■ **EXERCISE BRIEF**: Reproduce every entry below exactly, minus the pictures.

■ **RECORDS SUPPLIED**:

__________

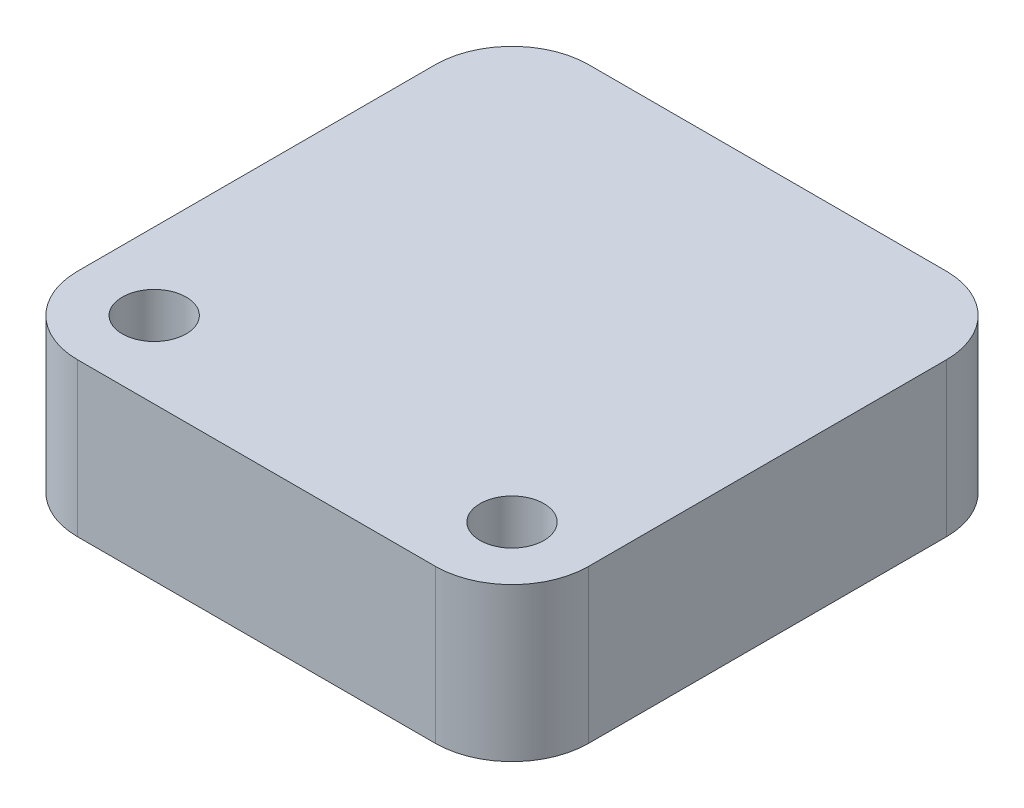
from build123d import *

# Parameters (mm, degrees)
SKETCH1_W               = 20
SKETCH1_H               = 20
BOSS_EXTRUDE1_DEPTH     = 6
FILLET1_R               = 3
SKETCH2_R               = 1.25
CUT_EXTRUDE1_DEPTH      = 1
CUT_EXTRUDE1_DEPTH_BACK = 7


with BuildPart() as part:
    # Sketch1 → Boss-Extrude1 (new body)
    with BuildSketch(Plane(origin=(0, 0, 0), x_dir=(1, 0, 0), z_dir=(0, 1, 0))):
        with Locations((10, 10)):
            Rectangle(SKETCH1_W, SKETCH1_H)
    extrude(amount=BOSS_EXTRUDE1_DEPTH)

    # Fillet1
    fillet1_edges = [part.edges().sort_by_distance(p)[0] for p in [
        (0, 3, -20),
        (20, 3, -20),
        (20, 3, 0),
        (0, 3, 0),
    ]]
    fillet(fillet1_edges, radius=FILLET1_R)

    # Sketch2 → Cut-Extrude1 (cut, two sides)
    with BuildSketch(Plane(origin=(0, 6, 0), x_dir=(1, 0, 0), z_dir=(0, 1, 0))) as cut_extrude1_sk:
        with Locations((3, 3)):
            Circle(SKETCH2_R)
        with Locations((17, 3)):
            Circle(SKETCH2_R)
    extrude(amount=CUT_EXTRUDE1_DEPTH, mode=Mode.SUBTRACT)
    extrude(cut_extrude1_sk.sketch, amount=-CUT_EXTRUDE1_DEPTH_BACK, mode=Mode.SUBTRACT)


solid = part.part

__________

■ **RESPONSE AREA**:
from build123d import *

# Parameters (mm, degrees)
SKETCH1_W               = 20
SKETCH1_H               = 20
BOSS_EXTRUDE1_DEPTH     = 6
FILLET1_R               = 3
SKETCH2_R               = 1.25
CUT_EXTRUDE1_DEPTH      = 1
CUT_EXTRUDE1_DEPTH_BACK = 7


with BuildPart() as part:
    # Sketch1 → Boss-Extrude1 (new body)
    with BuildSketch(Plane(origin=(0, 0, 0), x_dir=(1, 0, 0), z_dir=(0, 1, 0))):
        with Locations((10, 10)):
            Rectangle(SKETCH1_W, SKETCH1_H)
    extrude(amount=BOSS_EXTRUDE1_DEPTH)

    # Fillet1
    fillet1_edges = [part.edges().sort_by_distance(p)[0] for p in [
        (0, 3, -20),
        (20, 3, -20),
        (20, 3, 0),
        (0, 3, 0),
    ]]
    fillet(fillet1_edges, radius=FILLET1_R)

    # Sketch2 → Cut-Extrude1 (cut, two sides)
    with BuildSketch(Plane(origin=(0, 6, 0), x_dir=(1, 0, 0), z_dir=(0, 1, 0))) as cut_extrude1_sk:
        with Locations((3, 3)):
            Circle(SKETCH2_R)
        with Locations((17, 3)):
            Circle(SKETCH2_R)
    extrude(amount=CUT_EXTRUDE1_DEPTH, mode=Mode.SUBTRACT)
    extrude(cut_extrude1_sk.sketch, amount=-CUT_EXTRUDE1_DEPTH_BACK, mode=Mode.SUBTRACT)


solid = part.part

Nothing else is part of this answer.